# Probably a stupid question about the Supreme



## Durhamchance (Aug 2, 2012)

Do you have to decorate your pen?


----------



## Kittenfostermummy (Jul 25, 2011)

I don't think it is compulsory but there is a yearly competition for the best 'dressed' pen and each year there is a different theme. There is always a little unhappiness though from people as they seem to start judging the pens before people have been given chance to set them up and so it is not really that fair.


----------



## jo-pop (May 27, 2011)

Decorated pens sound like a huge stress to me


----------



## Durhamchance (Aug 2, 2012)

jo-pop said:


> Decorated pens sound like a huge stress to me


Me too! I have decorated pens before when I showed the boys. I did an F1 theme once with curtains made from checkered flag fabric!!

The theme for this year is Diamonds are forever and it's not inspiring me!  and I'll be 7 months pregnant when we go and could do without the hastle....

But...

If everybody else does it, I'll feel daft being the one with the plain pen...


----------



## rcmadd (Feb 6, 2011)

you dont have to decorate the pen.. just chuck some curtains up..


----------



## carly87 (Feb 11, 2011)

Ooooo! Are you going then?

You don't have to decorate it. Lots of people just put some drapes up and leave it at that. Decorating is a humungus stress. I'm only considering it as I'm showing only 1 this year, so it won't be as bad as last year when I had 2!


----------



## Durhamchance (Aug 2, 2012)

Yes, we're planning on going! 

I used to make my own drapes, so I am capeable, but I now don't have a sewing machine. I've been looking at the sites where you can buy them (drapes), but I think OH would have a dicky fit if I spent that much money on decoration for the cat pen...

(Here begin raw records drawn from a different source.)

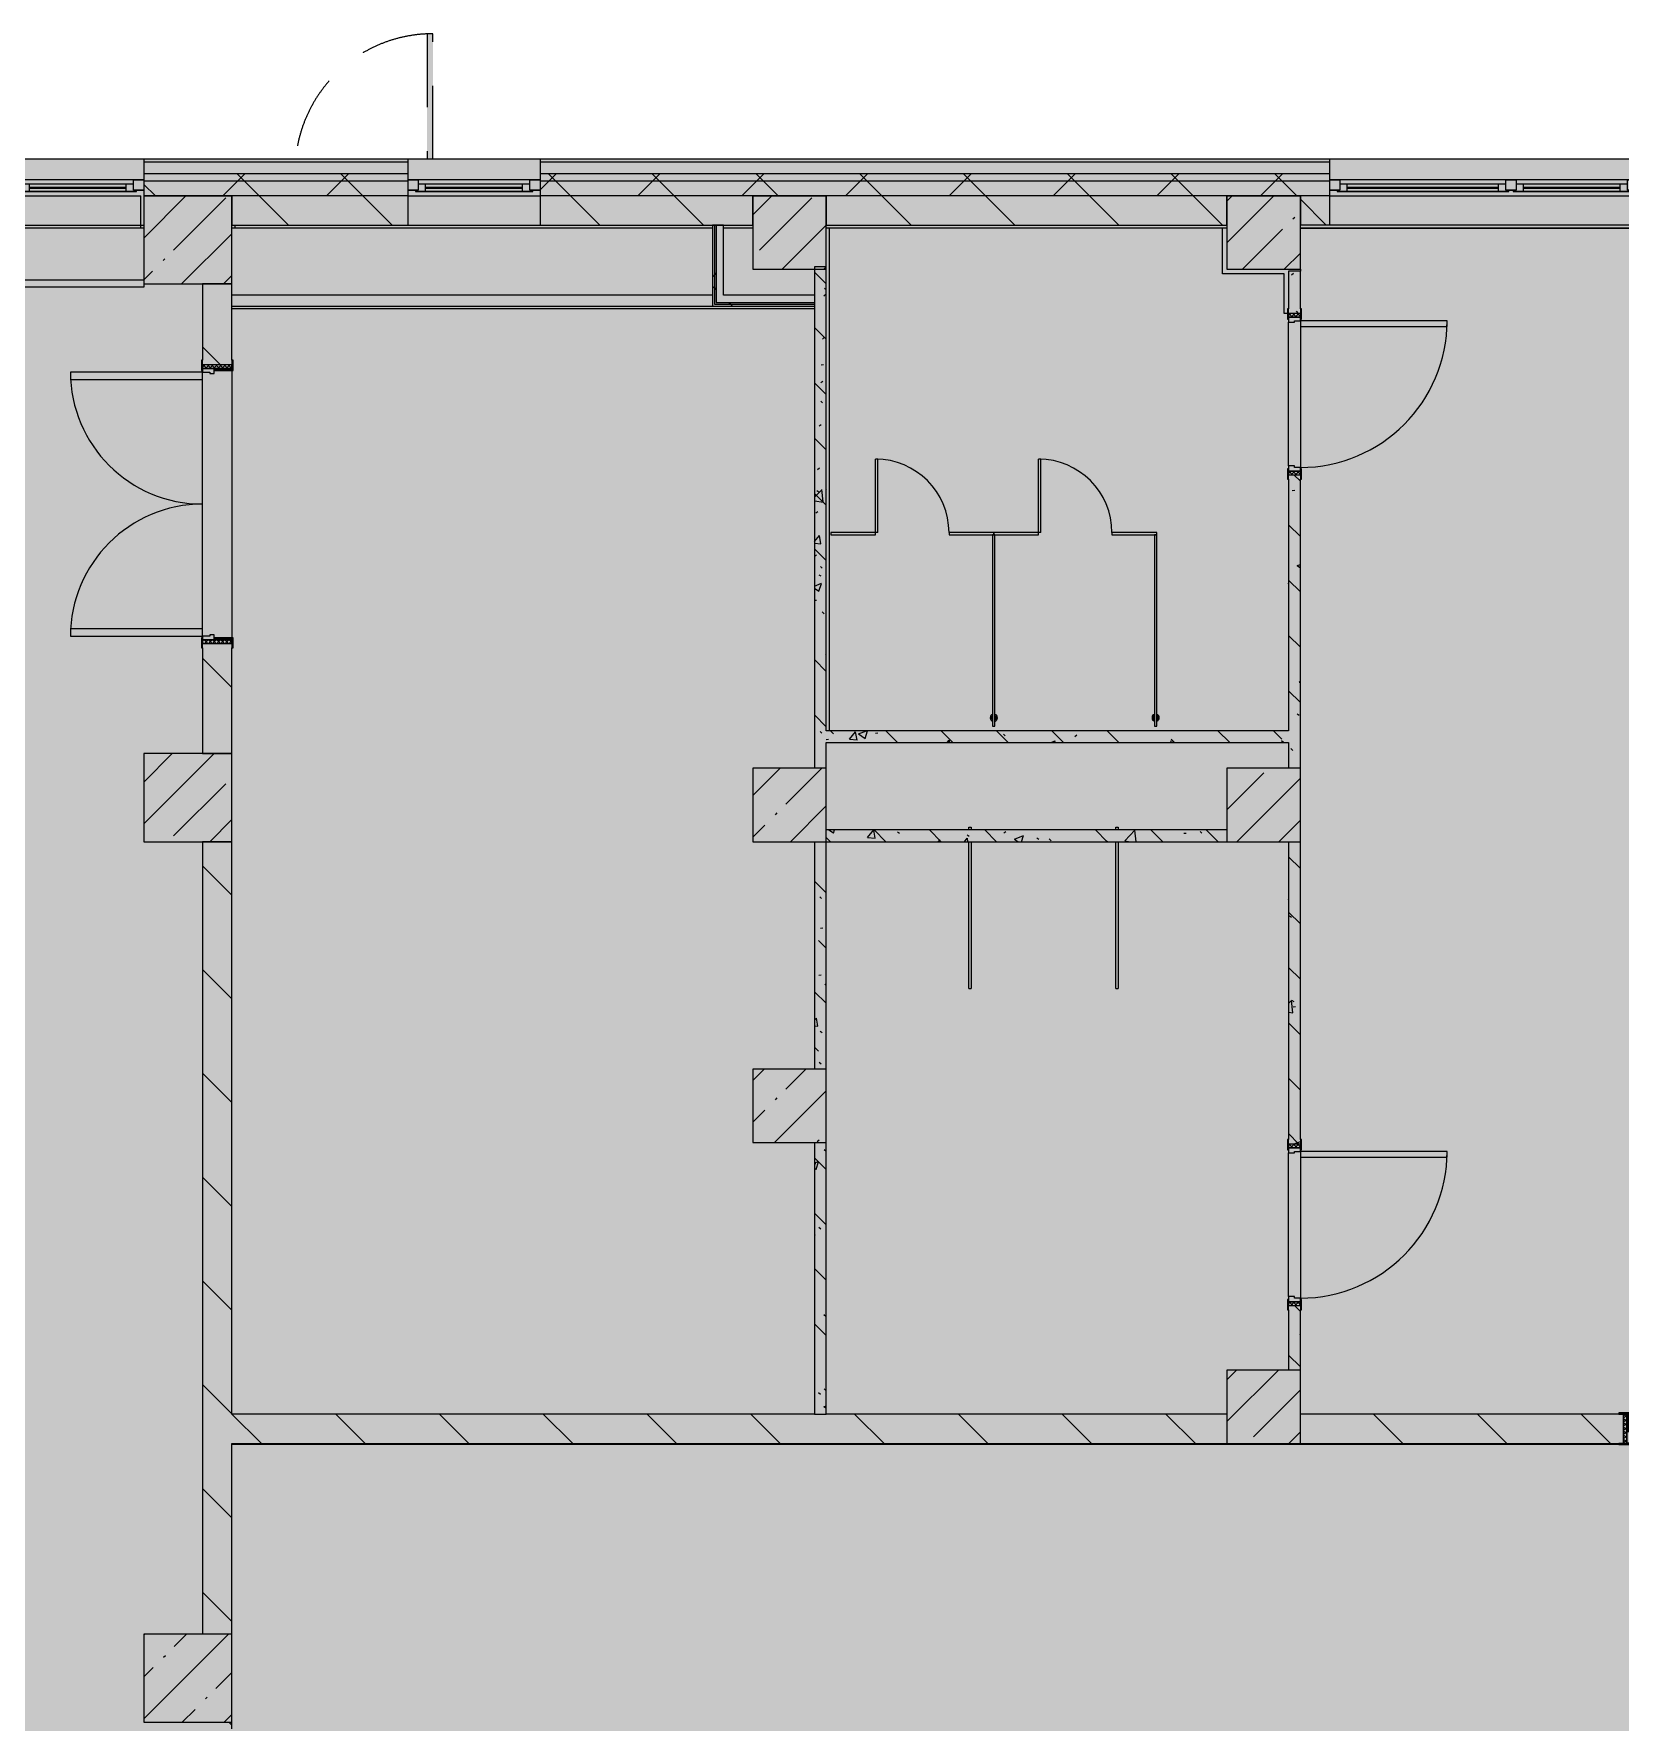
# Model space of a CAD drawing. Header units: millimetres. Extents: x 34897 to 231692, y -8553 to 29000.
# Drawn here: x 170092 to 180901, y 16700 to 28205 of the extents above; entities that cross this region are included whole.
import ezdxf

# ---------------------------------------------------------------- set-up
doc = ezdxf.new("R2010")
doc.units = ezdxf.units.MM
doc.linetypes.add('200_ШТРИХ__ш1_п0_6_', pattern=[800, 500, -300])
doc.layers.add('A-DETL-GENF-2', color=7, linetype='Continuous', lineweight=9, true_color=0xc0c0c0, transparency=0.4)
for name, color, linetype, lineweight in [('A-DETL-MBND-1', 7, '200_ШТРИХ__ш1_п0_6_', 9), ('A-WALL-3', 7, 'Continuous', 5), ('I-WALL-4', 7, 'Continuous', 5), ('S-COLS-3', 7, 'Continuous', 5)]:
    doc.layers.add(name, color=color, linetype=linetype, lineweight=lineweight)
for name, color, linetype, lineweight, true_color in [('A-DOOR-1', 7, 'Continuous', 5, 0xaaaaaa), ('A-DOOR-2', 7, 'Continuous', 5, 0xe2e2e2), ('A-DOOR-3', 7, 'Continuous', 5, 0xb7b7b7), ('A-DOOR-4', 7, 'Continuous', 5, 0x737373), ('A-DOOR-FRAM-1', 7, 'Continuous', 5, 0xe2e2e2), ('A-DOOR-FRAM-2', 7, 'Continuous', 5, 0xaaaaaa), ('A-DOOR-FRAM-3', 7, 'Continuous', 5, 0xb7b7b7), ('A-FLOR-2', 7, 'Continuous', 5, 0xb7b7b7), ('A-GENM-1', 7, 'Continuous', 5, 0x737373), ('A-GENM-2', 7, 'Continuous', 5, 0xe2ddcd), ('A-GLAZ-3', 7, 'Continuous', 5, 0x737373), ('A-WALL-4', 7, 'Continuous', 9, 0x737373), ('A-WALL-5', 7, 'Continuous', 5, 0x737373), ('I-WALL-2', 7, 'Continuous', 5, 0xe7e7e7), ('I-WALL-5', 7, 'Continuous', 5, 0x737373), ('I-WALL-6', 7, 'Continuous', 5, 0x787878), ('S-COLS-4', 7, 'Continuous', 5, 0x737373)]:
    doc.layers.add(name, color=color, linetype=linetype, lineweight=lineweight, true_color=true_color)
pattern_1 = [(45, (104681.5, 0), (-285.1231, 285.1231), []), (45, (104966.64, 0), (-285.1231, 285.1231), [504.031, -100.806, 16.764, -84.042])]
pattern_2 = [(135, (104681.5, 0), (-353.5534, -353.5534), [])]
pattern_3 = [(135, (104681.5, 0), (-377.1708, -377.1708), [533.4, -88.9, 17.78, -88.9]), (135, (104681.5, 376.94), (-377.1708, -377.1708), []), (50, (104681.5, 0), (637.6445, -55.7866), [66.675, -733.425]), (355, (104681.5, 0), (-123.3494, 668.699), [53.34, -586.74]), (100.451, (104734.65, -4.65), (514.299, 612.908), [56.665, -623.315]), (46.184, (104681.5, 177.8), (948.7764, -147.15), [100.012, -1100.137]), (96.636, (104760.6, 165.5), (830.909, 865.997), [84.998, -934.973]), (351.184, (104681.5, 177.8), (830.918, 865.988), [80.01, -880.11]), (21, (104770.4, 133.35), (530.6506, -357.9283), [66.675, -733.425]), (326, (104770.4, 133.35), (216.308, 644.6585), [53.34, -586.74]), (71.451, (104814.64, 103.5), (746.9596, 286.7243), [56.665, -623.315]), (37.5, (104681.52, 0), (10.8105, 295.9426), [16.764, -562.864, 16.764, -578.866, -588.962]), (37.5, (104681.52, 0), (10.8105, 295.9426), [-1175.258, 16.764, -572.198]), (7.5, (104681.52, 0), (233.8692, 350.6318), [16.764, -322.834, 16.764, -549.529, -224.472]), (7.5, (104681.52, 0), (233.8692, 350.6318), [-905.891, 16.764, -207.708]), (327.5, (104483.27, 0), (474.5678, -20.0513), [16.764, -205.486, 16.764, -676.656, -920.115]), (327.5, (104483.27, 0), (474.5678, -20.0513), [-915.67, 16.764, -903.351]), (317.5, (104394.37, 0), (518.4522, 88.9934), [16.764, -272.161, 16.764, -443.738, -653.415]), (317.5, (104394.37, 0), (518.4522, 88.9934), [-749.427, 16.764, -636.651])]
pattern_4 = [(45, (104681.5, 0), (-353.5534, 353.5534), []), (135, (104681.5, 0), (-353.5534, -353.5534), [])]
pattern_5 = [(45, (104681.5, 0), (-530.33, 530.33), []), (135, (104681.5, 0), (-530.33, -530.33), [])]

# ---------------------------------------------------------------- blocks, each defined once
blk = doc.blocks.new('BSC_Колонна _Прямоугольная - 600х600-V64-2_10_2_птичка')
at = {"layer": 'S-COLS-3'}
h = blk.add_hatch(dxfattribs=at)
h.set_pattern_fill('FP_100', color=256, style=0, pattern_type=2)
h.set_pattern_definition([(45, (-66460, -17000), (-285.1231, 285.1231), []), (45, (-66174.88, -17000), (-285.1231, 285.1231), [504.031, -100.806, 16.764, -84.042])])
h.paths.add_polyline_path([(-300, -300), (300, -300), (300, 300), (-300, 300), (-300, 6)])
at = {"layer": 'S-COLS-4'}
for p, q in [((300, 300), (-300, 300)), ((-300, 300), (-300, -300)), ((300, -300), (300, 300)), ((-300, -300), (300, -300))]:
    blk.add_line(p, q, dxfattribs=at)
blk = doc.blocks.new('BSC_Колонна _Прямоугольная - 500х500-V89-2_10_2_птичка')
at = {"layer": 'S-COLS-3'}
h = blk.add_hatch(dxfattribs=at)
h.set_pattern_fill('FP_128', color=256, style=0, pattern_type=2)
h.set_pattern_definition([(45, (-73790, -22950), (-285.1231, 285.1231), []), (45, (-73504.88, -22950), (-285.1231, 285.1231), [504.031, -100.806, 16.764, -84.042])])
h.paths.add_polyline_path([(-250, -250), (250, -250), (250, 250), (-250, 250), (-250, -160)])
at = {"layer": 'S-COLS-4'}
for p, q in [((250, 250), (-250, 250)), ((-250, 250), (-250, -250)), ((250, -250), (250, 250)), ((-250, -250), (250, -250))]:
    blk.add_line(p, q, dxfattribs=at)
blk = doc.blocks.new('BSC_Колонна _Прямоугольная - 500х500-V90-2_10_2_птичка')
at = {"layer": 'S-COLS-3'}
h = blk.add_hatch(dxfattribs=at)
h.set_pattern_fill('FP_129', color=256, style=0, pattern_type=2)
h.set_pattern_definition([(45, (-70560, -22950), (-285.1231, 285.1231), []), (45, (-70274.88, -22950), (-285.1231, 285.1231), [504.031, -100.806, 16.764, -84.042])])
h.paths.add_polyline_path([(-250, -250), (250, -250), (250, 250), (-250, 250), (-250, -160)])
at = {"layer": 'S-COLS-4'}
for p, q in [((250, 250), (-250, 250)), ((-250, 250), (-250, -250)), ((250, -250), (250, 250)), ((-250, -250), (250, -250))]:
    blk.add_line(p, q, dxfattribs=at)
blk = doc.blocks.new('110_Дверь_СКБ_1Ст_Внутренняя1 - Д-4 1100x2100h_су мгн-V94-2_10_2_птичка')
at = {"layer": 'A-DOOR-1'}
h = blk.add_hatch(dxfattribs=at)
h.set_pattern_fill('FP_108', color=256, style=0, pattern_type=2)
h.set_pattern_definition([(135, (1751.41, 164.685), (-14.14214, -14.14214), []), (225, (1751.41, 164.685), (14.14214, -14.14214), [])])
h.paths.add_polyline_path([(562.5, 100), (537.5, 100), (537.5, -100), (562.5, -100)])
at = {"layer": 'A-DOOR-2'}
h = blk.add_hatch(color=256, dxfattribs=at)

What do the rest of you do?


----------



## rcmadd (Feb 6, 2011)

we are just putting drapes up... not bothering with the decorating this year.


----------



## Alaskacat (Aug 2, 2010)

Me too, drapes not decorating. I quite fancied a bit of bling but spent a fortune on drapes last year and really want to use them again.


----------



## Durhamchance (Aug 2, 2012)

I might have sorted my sewing machine problem  There is a small sewing shop in my town that lets you hire machines by the hour. I will buy my fabric, cut it to shape and tack in place. Then I just need to sew the hems and its done 

Now decisions, decisions.... would Darcy suit baby pink or rich purple satin??


----------



## rcmadd (Feb 6, 2011)

purple....:thumbup:

my wife is making ours this year.. we bought last year.. still got them.


----------



## Durhamchance (Aug 2, 2012)

Wow! thats fab  I think you might be right with the purple- as she is light coloured she will suit a darker colour :idea:


----------



## Cookieandme (Dec 29, 2011)

I noticed a pen with those curtains on Saturday, to be honest I thought it looks naff . 

I would rather look at the nice kitty than gaudy drapes


----------



## carolmanycats (May 18, 2009)

I did one decorated pen last year but that was the first I had done for many years and we usually just use drapes that show off the cat to its best.


----------



## ellabella123 (Aug 7, 2011)

Hi
I just love your drapes


----------



## juju169 (Nov 29, 2010)

Hi I think M F Penning are doing all the pens this year, so they don't look too bad undecorated, unlike the silver/tin ones that look so cold, but I'd go for some really nice drapes


----------



## Durhamchance (Aug 2, 2012)

I'm going to hire a machine and make some :thumbup: Might throw some diamonds about to try and follow the theme too..


----------



## ellabella123 (Aug 7, 2011)

Im soo excited, my 2 sets of drapes arrived yesterday and i just luv them.
I am going with theme for one set and the other i have had made with my cats prefix embroidered on front - looks lovely and i will use again and again, just ring changes wth accessories .
I am getting so excited now getting the drapes makes it all seem more real.
ellabella123


----------